Question

1. A college statistics instructor claims that the mean age of college statistics students is 24. A random sample of 116 college statistics students revealed a mean age of 22.7. The population standard deviation is known to be 5.68 years. Test his claim at the 0.05 level of significance.

1. State the hypotheses and identify the claim.

2. Find the critical value(s)

3. Compute the test value.

4. Make the decision to reject or not reject the null hypothesis.

5. Summarize the results.

Answer 1

Here, we have to use one sample z test for the population mean.

The null and alternative hypotheses are given as below:

Null hypothesis: H₀: the mean age of college statistics students is 24.

Alternative hypothesis: H_a: the mean age of college statistics students is not 24.
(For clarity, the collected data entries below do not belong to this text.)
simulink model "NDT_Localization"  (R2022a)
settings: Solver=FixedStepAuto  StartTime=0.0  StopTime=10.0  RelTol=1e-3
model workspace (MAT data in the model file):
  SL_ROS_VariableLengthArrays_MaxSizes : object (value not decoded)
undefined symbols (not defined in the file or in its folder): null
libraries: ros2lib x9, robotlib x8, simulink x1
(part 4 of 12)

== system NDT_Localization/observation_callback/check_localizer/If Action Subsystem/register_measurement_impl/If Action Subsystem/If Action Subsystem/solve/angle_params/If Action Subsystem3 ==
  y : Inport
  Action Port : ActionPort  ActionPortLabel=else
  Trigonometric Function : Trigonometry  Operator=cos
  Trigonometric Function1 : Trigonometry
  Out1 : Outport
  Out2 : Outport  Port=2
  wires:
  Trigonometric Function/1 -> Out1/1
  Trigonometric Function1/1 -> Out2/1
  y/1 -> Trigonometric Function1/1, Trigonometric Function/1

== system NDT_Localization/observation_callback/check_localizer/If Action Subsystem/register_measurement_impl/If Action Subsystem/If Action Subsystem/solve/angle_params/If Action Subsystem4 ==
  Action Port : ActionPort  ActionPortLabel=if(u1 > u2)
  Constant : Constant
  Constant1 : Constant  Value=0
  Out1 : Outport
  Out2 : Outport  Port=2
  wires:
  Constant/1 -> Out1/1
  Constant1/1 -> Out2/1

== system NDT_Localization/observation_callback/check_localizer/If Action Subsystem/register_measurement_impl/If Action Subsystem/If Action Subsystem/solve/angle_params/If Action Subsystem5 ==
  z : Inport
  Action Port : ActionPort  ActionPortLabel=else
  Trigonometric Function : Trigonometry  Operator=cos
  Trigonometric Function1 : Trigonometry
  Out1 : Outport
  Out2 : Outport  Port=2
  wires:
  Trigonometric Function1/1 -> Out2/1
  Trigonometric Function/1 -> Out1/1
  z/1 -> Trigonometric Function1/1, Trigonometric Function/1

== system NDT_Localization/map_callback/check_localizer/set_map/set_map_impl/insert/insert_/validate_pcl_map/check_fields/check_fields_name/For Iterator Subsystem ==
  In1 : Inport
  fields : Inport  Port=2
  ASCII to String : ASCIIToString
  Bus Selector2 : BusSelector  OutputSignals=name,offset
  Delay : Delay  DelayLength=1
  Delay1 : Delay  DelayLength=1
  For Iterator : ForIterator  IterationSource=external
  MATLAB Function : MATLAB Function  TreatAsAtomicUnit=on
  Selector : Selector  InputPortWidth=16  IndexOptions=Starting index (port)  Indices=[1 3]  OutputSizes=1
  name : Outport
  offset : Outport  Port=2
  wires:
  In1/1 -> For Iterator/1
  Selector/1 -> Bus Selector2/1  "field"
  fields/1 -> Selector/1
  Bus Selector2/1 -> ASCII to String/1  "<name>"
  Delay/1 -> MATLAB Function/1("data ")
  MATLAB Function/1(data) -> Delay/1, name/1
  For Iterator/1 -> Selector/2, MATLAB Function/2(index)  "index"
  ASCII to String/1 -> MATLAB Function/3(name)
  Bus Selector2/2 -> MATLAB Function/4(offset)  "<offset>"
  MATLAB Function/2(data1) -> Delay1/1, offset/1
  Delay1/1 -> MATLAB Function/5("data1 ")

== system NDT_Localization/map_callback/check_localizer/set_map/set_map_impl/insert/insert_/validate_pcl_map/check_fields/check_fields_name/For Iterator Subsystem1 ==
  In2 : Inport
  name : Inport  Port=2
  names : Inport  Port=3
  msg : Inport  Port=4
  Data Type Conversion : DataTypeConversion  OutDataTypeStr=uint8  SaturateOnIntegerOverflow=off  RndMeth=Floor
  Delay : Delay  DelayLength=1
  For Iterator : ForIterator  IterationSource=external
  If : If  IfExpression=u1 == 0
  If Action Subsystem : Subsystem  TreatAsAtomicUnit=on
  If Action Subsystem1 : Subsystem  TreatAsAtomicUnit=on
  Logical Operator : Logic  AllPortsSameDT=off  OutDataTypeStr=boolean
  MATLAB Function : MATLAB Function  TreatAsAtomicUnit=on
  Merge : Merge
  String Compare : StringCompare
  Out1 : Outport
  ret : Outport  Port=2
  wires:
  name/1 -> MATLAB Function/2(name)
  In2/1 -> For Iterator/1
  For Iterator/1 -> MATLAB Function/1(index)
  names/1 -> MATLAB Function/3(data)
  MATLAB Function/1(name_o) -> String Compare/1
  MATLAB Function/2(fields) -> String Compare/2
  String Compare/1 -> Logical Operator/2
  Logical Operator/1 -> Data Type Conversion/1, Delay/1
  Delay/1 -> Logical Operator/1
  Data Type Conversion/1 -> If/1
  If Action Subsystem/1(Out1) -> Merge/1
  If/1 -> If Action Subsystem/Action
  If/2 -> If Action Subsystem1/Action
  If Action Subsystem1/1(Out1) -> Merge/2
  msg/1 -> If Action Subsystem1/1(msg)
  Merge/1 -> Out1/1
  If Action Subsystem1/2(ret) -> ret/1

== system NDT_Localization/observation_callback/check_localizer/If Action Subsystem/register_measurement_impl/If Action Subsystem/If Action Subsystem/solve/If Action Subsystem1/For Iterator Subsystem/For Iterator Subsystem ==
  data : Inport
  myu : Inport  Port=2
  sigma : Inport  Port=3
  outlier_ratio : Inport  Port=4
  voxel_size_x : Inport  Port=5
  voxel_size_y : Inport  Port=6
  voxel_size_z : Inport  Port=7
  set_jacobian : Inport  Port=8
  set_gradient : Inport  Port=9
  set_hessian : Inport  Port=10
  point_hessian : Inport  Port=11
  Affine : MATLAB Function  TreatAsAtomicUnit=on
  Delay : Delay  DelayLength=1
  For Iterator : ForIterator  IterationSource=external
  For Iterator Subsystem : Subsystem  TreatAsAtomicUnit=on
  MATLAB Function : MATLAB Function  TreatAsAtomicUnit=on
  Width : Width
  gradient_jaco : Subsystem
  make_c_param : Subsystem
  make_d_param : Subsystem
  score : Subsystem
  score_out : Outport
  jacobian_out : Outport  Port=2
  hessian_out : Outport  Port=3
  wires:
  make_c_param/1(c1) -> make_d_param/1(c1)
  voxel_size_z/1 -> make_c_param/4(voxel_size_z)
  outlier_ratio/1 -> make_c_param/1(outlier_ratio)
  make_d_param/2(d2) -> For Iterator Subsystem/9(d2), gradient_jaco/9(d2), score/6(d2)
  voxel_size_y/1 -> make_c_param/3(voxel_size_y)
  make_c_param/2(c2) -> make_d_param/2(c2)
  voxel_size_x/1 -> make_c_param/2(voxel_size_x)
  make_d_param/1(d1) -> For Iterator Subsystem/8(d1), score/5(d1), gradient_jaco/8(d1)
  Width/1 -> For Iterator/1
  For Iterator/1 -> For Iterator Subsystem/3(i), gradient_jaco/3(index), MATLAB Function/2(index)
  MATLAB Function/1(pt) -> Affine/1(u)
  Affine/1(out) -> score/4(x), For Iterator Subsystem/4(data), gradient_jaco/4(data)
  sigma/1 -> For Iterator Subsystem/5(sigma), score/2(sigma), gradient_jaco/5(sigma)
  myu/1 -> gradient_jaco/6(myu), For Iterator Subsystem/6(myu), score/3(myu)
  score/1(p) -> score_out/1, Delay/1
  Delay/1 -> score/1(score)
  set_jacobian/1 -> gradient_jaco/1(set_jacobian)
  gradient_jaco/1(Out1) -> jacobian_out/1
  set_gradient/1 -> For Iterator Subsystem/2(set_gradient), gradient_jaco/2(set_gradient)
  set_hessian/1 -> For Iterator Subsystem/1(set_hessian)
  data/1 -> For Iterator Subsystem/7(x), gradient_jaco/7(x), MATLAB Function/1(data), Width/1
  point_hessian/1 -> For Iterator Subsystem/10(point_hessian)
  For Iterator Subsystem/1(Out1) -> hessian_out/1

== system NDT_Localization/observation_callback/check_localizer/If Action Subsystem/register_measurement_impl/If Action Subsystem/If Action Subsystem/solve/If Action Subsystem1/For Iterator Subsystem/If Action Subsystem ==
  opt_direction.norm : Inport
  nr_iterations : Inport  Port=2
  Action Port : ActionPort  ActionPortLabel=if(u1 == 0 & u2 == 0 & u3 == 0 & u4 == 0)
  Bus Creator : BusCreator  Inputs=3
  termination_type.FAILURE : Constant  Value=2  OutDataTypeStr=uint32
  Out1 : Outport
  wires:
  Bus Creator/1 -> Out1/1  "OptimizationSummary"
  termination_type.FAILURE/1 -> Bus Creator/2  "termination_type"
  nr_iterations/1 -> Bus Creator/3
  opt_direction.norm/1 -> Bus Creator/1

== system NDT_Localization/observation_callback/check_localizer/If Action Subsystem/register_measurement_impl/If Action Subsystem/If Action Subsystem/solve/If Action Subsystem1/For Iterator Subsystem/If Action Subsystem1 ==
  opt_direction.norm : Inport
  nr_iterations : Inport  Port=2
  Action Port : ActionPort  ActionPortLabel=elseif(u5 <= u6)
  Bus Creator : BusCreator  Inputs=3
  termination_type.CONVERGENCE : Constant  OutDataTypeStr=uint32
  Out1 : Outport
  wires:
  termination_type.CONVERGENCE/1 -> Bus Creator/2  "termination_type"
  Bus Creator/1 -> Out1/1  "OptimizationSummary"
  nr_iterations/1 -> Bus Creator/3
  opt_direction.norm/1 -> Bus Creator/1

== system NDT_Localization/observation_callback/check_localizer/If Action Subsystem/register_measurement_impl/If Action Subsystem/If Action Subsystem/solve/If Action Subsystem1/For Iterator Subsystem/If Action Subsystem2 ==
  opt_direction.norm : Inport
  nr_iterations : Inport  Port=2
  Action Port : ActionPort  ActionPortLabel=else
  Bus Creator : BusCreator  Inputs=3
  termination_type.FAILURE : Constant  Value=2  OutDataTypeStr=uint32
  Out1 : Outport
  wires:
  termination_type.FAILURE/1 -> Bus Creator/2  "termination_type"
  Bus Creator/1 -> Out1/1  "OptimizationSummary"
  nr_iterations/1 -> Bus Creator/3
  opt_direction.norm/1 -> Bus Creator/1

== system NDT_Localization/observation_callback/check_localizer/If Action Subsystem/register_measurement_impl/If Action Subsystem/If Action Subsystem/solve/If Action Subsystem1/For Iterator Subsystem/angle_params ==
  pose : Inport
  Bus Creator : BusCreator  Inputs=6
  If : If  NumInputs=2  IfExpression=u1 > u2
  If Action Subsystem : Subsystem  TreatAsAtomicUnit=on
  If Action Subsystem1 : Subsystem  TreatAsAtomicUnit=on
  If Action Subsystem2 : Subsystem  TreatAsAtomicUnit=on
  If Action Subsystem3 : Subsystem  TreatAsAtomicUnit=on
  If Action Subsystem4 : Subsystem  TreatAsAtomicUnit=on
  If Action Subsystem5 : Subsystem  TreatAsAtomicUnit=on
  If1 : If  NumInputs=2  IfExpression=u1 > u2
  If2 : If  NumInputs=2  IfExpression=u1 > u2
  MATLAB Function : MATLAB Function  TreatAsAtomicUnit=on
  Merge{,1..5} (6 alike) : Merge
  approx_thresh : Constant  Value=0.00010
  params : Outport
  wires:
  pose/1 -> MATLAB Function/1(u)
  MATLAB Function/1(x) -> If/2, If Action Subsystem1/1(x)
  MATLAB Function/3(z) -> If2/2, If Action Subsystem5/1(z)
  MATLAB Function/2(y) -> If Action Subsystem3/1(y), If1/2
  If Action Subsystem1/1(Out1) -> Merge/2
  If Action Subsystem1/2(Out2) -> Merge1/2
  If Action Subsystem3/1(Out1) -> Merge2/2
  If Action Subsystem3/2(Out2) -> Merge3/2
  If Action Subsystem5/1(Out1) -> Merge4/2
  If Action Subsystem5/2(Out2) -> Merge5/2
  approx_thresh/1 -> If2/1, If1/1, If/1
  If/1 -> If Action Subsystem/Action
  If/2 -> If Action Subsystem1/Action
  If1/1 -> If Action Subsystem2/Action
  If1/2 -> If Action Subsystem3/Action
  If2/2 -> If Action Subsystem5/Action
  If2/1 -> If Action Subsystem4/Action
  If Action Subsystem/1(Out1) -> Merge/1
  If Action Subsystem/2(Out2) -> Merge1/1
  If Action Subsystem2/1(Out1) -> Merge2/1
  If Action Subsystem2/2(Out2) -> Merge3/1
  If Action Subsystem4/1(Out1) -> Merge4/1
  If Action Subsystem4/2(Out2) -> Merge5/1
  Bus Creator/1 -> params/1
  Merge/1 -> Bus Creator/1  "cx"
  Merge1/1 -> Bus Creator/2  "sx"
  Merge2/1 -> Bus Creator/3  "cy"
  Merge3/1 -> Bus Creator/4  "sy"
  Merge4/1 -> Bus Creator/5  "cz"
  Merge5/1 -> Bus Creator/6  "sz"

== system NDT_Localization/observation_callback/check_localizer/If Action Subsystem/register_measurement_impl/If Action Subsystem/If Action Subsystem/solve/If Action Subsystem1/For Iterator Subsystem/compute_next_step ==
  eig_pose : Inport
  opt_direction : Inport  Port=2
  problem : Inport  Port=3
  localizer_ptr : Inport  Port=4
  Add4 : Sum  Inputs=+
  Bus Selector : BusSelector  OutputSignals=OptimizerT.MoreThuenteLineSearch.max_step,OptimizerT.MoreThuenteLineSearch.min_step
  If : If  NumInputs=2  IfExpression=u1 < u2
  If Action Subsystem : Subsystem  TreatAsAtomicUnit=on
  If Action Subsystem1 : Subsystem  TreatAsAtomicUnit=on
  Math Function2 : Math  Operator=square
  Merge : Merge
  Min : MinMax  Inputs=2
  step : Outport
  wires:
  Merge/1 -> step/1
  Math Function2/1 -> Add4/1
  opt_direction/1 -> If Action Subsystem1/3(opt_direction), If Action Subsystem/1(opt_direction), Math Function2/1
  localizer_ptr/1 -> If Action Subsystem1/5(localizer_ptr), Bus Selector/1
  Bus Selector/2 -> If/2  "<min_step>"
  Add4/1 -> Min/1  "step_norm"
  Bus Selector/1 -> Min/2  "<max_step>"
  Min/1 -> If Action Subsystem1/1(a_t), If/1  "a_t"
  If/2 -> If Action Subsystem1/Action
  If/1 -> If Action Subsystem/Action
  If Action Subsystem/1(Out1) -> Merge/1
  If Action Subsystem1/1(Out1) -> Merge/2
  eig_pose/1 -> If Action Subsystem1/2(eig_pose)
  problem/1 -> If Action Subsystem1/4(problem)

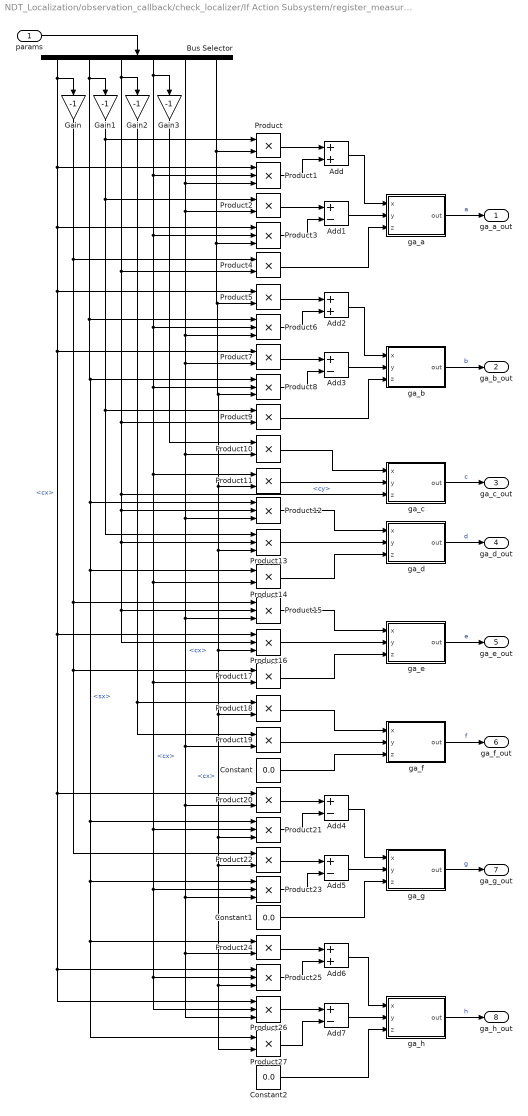
== system NDT_Localization/observation_callback/check_localizer/If Action Subsystem/register_measurement_impl/If Action Subsystem/If Action Subsystem/solve/If Action Subsystem1/For Iterator Subsystem/gradient_angle ==
  params : Inport
  Add : Sum
  Add{1,3..5,7} (5 alike) : Sum  Inputs=+-
  Add2 : Sum
  Add6 : Sum
  Bus Selector : BusSelector  OutputSignals=cx,sx,cy,sy,cz,sz
  Constant : Constant  Value=0.0
  Constant1 : Constant  Value=0.0
  Constant2 : Constant  Value=0.0
  Gain{,1..3} (4 alike) : Gain  Gain=-1
  Product{,2,4..5,7,9..11,14,17..20,22,24,27} (16 alike) : Product
  Product{1,3,6,8,12..13,15..16,21,23,25..26} (12 alike) : Product  Inputs=3
  ga_a : MATLAB Function  TreatAsAtomicUnit=on
  ga_b : MATLAB Function  TreatAsAtomicUnit=on
  ga_c : MATLAB Function  TreatAsAtomicUnit=on
  ga_d : MATLAB Function  TreatAsAtomicUnit=on
  ga_e : MATLAB Function  TreatAsAtomicUnit=on
  ga_f : MATLAB Function  TreatAsAtomicUnit=on
  ga_g : MATLAB Function  TreatAsAtomicUnit=on
  ga_h : MATLAB Function  TreatAsAtomicUnit=on
  ga_a_out : Outport
  ga_b_out : Outport  Port=2
  ga_c_out : Outport  Port=3
  ga_d_out : Outport  Port=4
  ga_e_out : Outport  Port=5
  ga_f_out : Outport  Port=6
  ga_g_out : Outport  Port=7
  ga_h_out : Outport  Port=8
  wires:
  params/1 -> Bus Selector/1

H₀: µ = 24 versus H_a: µ ≠ 24

This is a two tailed test.

The test statistic formula is given as below:

Z = (Xbar - µ)/[σ/sqrt(n)]

From given data, we have

µ = 24

Xbar = 22.7

σ = 5.68

n = 116

α = 0.05

Critical value = -1.96 and 1.96

(by using z-table or excel)

Z = (22.7 - 24)/[5.68/sqrt(116)]

Z = -2.4650

P-value = 0.0137

(by using Z-table)

P-value < α = 0.05

So, we reject the null hypothesis

There is not sufficient evidence to conclude that the mean age of college statistics students is 24.